***** Supplied records
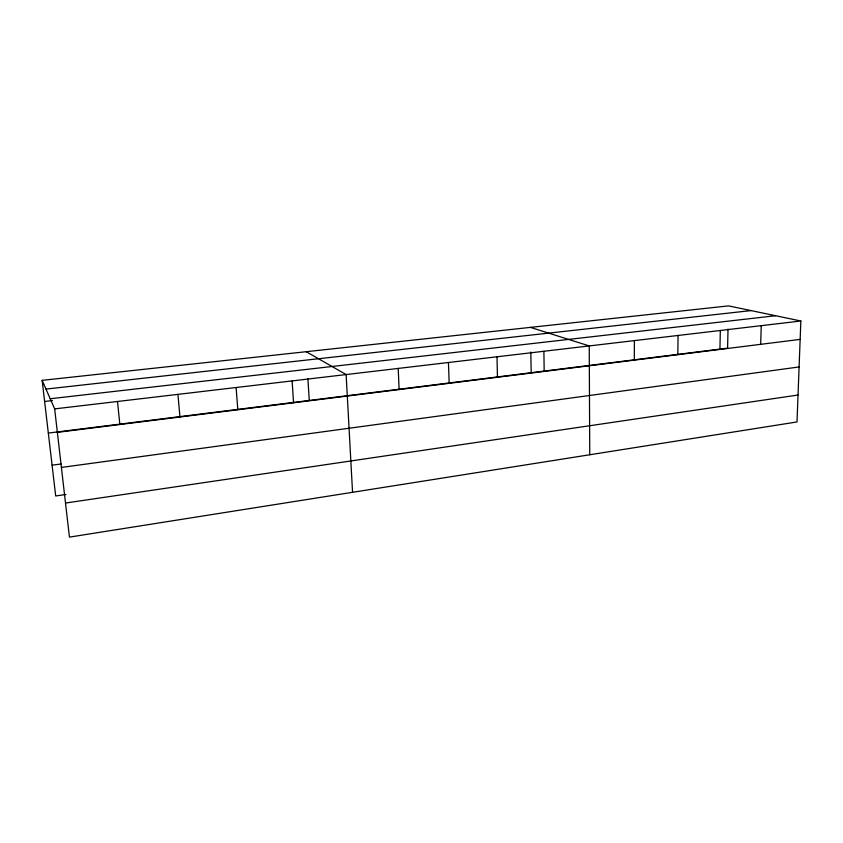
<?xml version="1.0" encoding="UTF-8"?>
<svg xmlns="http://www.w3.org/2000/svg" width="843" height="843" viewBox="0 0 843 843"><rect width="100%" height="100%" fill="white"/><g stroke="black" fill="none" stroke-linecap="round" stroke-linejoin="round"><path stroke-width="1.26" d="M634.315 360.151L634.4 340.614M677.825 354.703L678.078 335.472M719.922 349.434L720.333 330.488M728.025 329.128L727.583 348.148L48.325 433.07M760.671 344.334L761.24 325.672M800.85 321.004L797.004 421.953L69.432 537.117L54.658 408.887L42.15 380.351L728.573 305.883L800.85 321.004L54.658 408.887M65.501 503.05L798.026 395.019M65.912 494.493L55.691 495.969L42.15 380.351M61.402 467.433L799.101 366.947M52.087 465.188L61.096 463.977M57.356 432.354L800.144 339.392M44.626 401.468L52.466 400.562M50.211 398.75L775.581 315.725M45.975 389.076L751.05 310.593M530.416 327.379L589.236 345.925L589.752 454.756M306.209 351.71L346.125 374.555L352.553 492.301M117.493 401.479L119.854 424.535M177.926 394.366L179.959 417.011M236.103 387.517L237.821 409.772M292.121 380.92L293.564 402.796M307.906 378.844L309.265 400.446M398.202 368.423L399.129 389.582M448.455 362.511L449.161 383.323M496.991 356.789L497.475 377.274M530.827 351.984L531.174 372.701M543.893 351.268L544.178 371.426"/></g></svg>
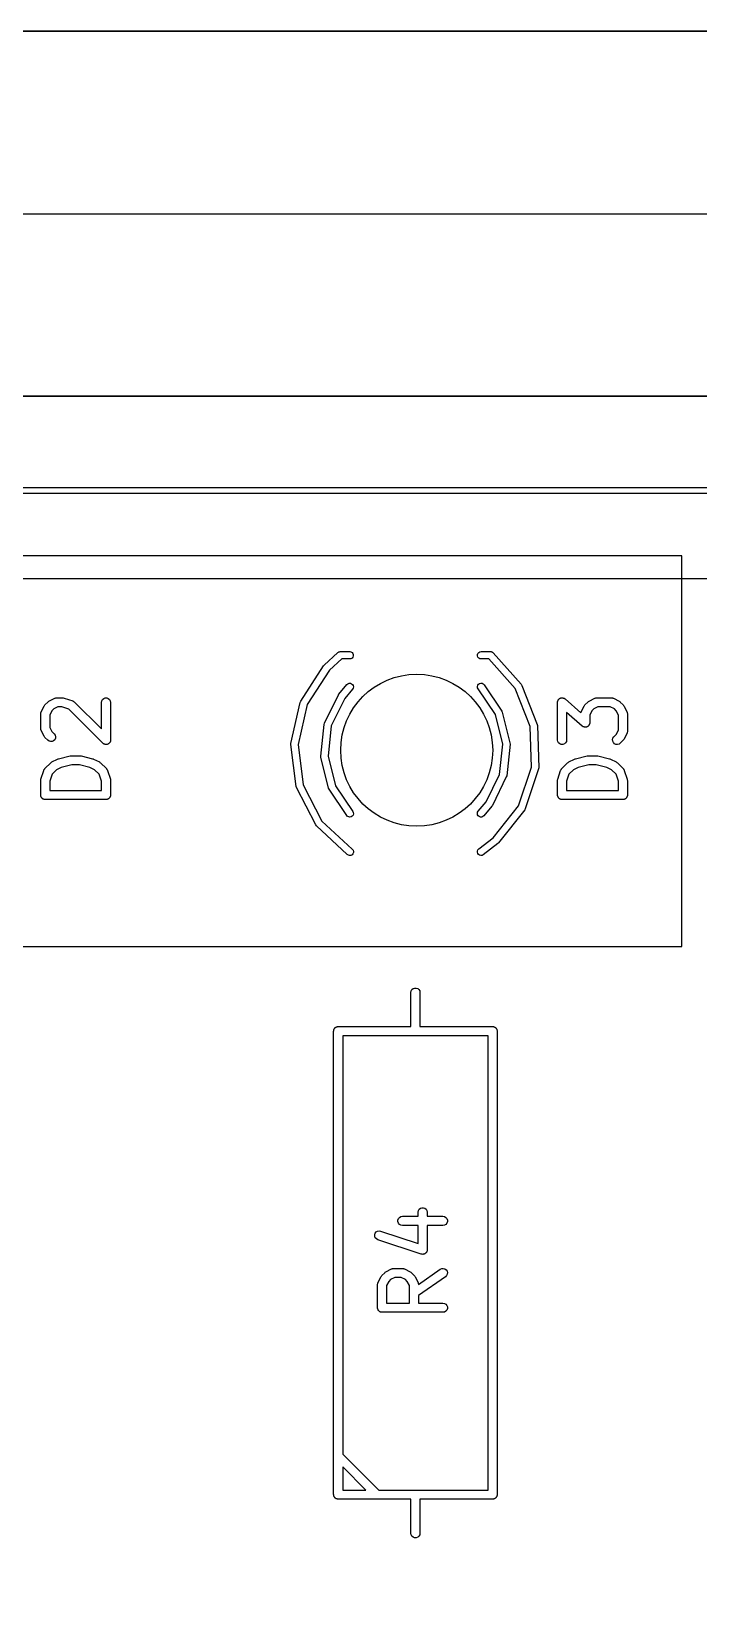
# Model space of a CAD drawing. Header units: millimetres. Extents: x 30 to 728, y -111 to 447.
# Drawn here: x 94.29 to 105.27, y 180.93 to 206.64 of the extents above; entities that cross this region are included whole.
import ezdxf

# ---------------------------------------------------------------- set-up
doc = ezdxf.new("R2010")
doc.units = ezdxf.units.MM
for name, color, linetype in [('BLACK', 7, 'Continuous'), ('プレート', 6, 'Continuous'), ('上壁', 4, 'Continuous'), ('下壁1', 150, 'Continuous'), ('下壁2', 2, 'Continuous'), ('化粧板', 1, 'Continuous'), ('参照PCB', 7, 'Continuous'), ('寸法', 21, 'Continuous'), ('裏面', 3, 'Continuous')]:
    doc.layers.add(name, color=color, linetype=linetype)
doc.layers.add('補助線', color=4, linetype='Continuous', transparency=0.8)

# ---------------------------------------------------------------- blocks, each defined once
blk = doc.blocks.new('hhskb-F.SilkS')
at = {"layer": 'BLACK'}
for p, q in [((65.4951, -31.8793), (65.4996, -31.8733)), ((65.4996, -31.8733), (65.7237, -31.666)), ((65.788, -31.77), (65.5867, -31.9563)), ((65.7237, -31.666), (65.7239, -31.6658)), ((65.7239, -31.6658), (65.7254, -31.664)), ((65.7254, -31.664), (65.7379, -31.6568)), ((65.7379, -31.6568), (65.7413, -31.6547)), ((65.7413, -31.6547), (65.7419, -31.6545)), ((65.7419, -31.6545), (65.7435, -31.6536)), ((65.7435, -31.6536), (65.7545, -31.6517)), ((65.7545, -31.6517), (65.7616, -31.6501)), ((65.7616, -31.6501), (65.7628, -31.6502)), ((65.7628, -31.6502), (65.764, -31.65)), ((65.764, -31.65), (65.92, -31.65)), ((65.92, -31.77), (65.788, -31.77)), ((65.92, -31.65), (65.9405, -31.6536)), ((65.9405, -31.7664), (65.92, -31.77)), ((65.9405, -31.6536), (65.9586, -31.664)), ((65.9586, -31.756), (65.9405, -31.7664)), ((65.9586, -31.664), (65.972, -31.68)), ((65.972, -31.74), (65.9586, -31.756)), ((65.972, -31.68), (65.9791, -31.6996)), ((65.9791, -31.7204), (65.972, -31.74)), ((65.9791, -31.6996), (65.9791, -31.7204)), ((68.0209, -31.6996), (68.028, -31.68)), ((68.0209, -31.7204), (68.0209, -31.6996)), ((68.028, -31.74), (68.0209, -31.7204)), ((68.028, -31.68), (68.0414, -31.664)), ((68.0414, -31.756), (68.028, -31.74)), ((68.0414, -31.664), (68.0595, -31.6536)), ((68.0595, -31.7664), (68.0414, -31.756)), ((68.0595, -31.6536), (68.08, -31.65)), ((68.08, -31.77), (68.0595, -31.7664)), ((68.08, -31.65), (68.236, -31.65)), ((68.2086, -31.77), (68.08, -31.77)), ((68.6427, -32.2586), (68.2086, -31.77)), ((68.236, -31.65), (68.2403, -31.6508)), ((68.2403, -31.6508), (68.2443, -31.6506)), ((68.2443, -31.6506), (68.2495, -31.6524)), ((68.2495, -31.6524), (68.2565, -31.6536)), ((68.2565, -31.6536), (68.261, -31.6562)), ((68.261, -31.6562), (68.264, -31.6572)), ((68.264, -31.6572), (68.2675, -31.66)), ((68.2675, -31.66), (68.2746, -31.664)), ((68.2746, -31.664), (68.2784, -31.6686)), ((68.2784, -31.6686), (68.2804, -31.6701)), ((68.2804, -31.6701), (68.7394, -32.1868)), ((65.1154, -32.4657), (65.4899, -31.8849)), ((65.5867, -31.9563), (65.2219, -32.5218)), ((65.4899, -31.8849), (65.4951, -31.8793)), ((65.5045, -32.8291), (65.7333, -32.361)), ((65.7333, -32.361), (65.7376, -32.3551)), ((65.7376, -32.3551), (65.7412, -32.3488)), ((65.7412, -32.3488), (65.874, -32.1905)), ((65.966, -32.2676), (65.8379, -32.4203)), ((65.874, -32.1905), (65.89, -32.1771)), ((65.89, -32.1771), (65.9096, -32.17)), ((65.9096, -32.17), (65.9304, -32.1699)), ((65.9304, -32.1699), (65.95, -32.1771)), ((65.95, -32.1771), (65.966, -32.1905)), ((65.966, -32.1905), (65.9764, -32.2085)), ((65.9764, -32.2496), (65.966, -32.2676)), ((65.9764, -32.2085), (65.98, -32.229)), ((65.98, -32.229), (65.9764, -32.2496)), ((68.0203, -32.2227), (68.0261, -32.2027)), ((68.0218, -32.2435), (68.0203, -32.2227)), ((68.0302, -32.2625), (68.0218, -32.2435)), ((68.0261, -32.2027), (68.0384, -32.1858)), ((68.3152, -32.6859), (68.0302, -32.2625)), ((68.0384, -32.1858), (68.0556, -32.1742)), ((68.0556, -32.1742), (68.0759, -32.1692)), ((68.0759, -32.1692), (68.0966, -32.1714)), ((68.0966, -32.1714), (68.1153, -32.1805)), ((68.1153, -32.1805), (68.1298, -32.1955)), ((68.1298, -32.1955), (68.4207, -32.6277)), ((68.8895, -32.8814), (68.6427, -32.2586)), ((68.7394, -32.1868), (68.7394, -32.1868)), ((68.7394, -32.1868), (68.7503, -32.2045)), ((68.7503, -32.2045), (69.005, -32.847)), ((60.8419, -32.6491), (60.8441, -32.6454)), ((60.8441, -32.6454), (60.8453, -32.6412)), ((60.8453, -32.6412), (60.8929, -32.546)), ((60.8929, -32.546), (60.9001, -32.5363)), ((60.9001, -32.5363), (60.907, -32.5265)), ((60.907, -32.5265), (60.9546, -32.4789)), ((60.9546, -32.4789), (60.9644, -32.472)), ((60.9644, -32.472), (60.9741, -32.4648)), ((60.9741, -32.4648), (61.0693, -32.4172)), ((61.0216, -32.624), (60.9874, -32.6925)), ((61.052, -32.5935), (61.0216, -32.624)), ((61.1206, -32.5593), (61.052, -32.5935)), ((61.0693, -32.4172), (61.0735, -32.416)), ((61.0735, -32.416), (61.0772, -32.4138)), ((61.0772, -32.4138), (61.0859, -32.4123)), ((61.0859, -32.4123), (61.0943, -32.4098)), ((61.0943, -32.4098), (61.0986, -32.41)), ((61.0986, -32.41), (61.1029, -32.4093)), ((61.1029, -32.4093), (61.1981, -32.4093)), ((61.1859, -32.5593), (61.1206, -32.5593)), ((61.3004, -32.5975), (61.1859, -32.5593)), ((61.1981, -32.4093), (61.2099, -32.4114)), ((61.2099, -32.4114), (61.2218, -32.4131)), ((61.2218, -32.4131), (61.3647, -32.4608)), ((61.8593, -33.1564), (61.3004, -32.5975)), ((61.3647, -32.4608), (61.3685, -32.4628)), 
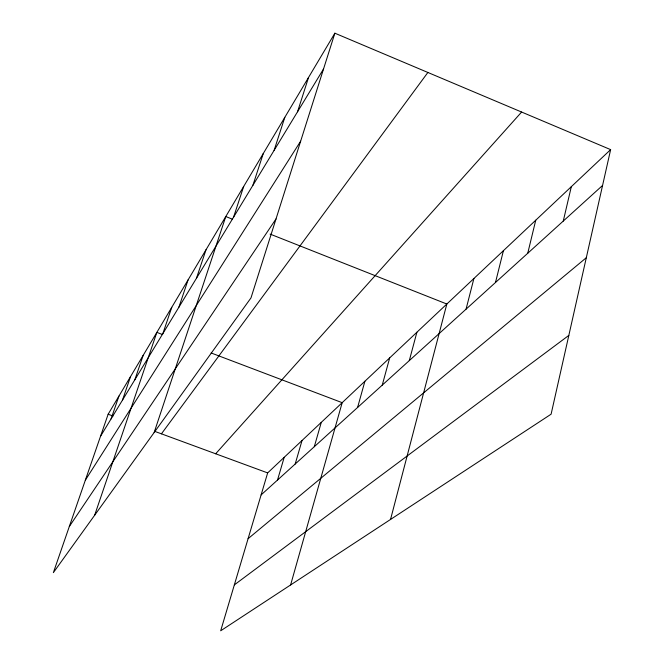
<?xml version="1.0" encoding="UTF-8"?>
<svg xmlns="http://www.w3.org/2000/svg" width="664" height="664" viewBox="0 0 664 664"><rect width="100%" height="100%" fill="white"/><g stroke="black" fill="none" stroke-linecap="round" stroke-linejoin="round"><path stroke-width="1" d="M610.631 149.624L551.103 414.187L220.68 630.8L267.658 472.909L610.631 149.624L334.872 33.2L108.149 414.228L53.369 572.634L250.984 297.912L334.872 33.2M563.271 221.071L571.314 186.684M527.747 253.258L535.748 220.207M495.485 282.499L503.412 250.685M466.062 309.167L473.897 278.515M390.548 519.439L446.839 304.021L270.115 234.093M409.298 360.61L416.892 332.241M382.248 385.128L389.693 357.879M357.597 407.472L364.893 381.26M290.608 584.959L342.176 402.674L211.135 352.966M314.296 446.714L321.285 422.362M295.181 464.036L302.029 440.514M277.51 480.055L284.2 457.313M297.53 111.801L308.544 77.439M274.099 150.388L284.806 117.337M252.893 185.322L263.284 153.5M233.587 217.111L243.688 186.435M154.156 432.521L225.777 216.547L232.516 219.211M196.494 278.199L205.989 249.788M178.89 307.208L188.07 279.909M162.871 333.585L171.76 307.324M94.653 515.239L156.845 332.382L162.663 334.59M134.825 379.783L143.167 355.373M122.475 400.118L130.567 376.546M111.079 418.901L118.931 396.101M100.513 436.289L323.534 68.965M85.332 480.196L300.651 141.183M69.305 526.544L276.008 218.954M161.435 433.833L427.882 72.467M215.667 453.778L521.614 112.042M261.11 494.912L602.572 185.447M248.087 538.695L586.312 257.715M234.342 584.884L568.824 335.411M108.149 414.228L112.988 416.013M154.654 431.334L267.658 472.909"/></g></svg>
**********
Leave out the pictures and repeat exactly the lines from the first line of the data through the line containing "color=4, linetype='Continuous', transparency=0.8)". Add nothing else.

Exercise answer:
<?xml version="1.0" encoding="UTF-8"?>
<svg xmlns="http://www.w3.org/2000/svg" width="843" height="843" viewBox="0 0 843 843"><rect width="100%" height="100%" fill="white"/><g stroke="black" fill="none" stroke-linecap="round" stroke-linejoin="round"><path stroke-width="1.26" d="M634.315 360.151L634.4 340.614M677.825 354.703L678.078 335.472M719.922 349.434L720.333 330.488M728.025 329.128L727.583 348.148L48.325 433.07M760.671 344.334L761.24 325.672M800.85 321.004L797.004 421.953L69.432 537.117L54.658 408.887L42.15 380.351L728.573 305.883L800.85 321.004L54.658 408.887M65.501 503.05L798.026 395.019M65.912 494.493L55.691 495.969L42.15 380.351M61.402 467.433L799.101 366.947M52.087 465.188L61.096 463.977M57.356 432.354L800.144 339.392M44.626 401.468L52.466 400.562M50.211 398.75L775.581 315.725M45.975 389.076L751.05 310.593M530.416 327.379L589.236 345.925L589.752 454.756M306.209 351.71L346.125 374.555L352.553 492.301M117.493 401.479L119.854 424.535M177.926 394.366L179.959 417.011M236.103 387.517L237.821 409.772M292.121 380.92L293.564 402.796M307.906 378.844L309.265 400.446M398.202 368.423L399.129 389.582M448.455 362.511L449.161 383.323M496.991 356.789L497.475 377.274M530.827 351.984L531.174 372.701M543.893 351.268L544.178 371.426"/></g></svg>
# Model space of a CAD drawing. Header units: millimetres. Extents: x 30 to 728, y -111 to 447.
# Drawn here: x 94.29 to 105.27, y 180.93 to 206.64 of the extents above; entities that cross this region are included whole.
import ezdxf

# ---------------------------------------------------------------- set-up
doc = ezdxf.new("R2010")
doc.units = ezdxf.units.MM
for name, color, linetype in [('BLACK', 7, 'Continuous'), ('プレート', 6, 'Continuous'), ('上壁', 4, 'Continuous'), ('下壁1', 150, 'Continuous'), ('下壁2', 2, 'Continuous'), ('化粧板', 1, 'Continuous'), ('参照PCB', 7, 'Continuous'), ('寸法', 21, 'Continuous'), ('裏面', 3, 'Continuous')]:
    doc.layers.add(name, color=color, linetype=linetype)
doc.layers.add('補助線', color=4, linetype='Continuous', transparency=0.8)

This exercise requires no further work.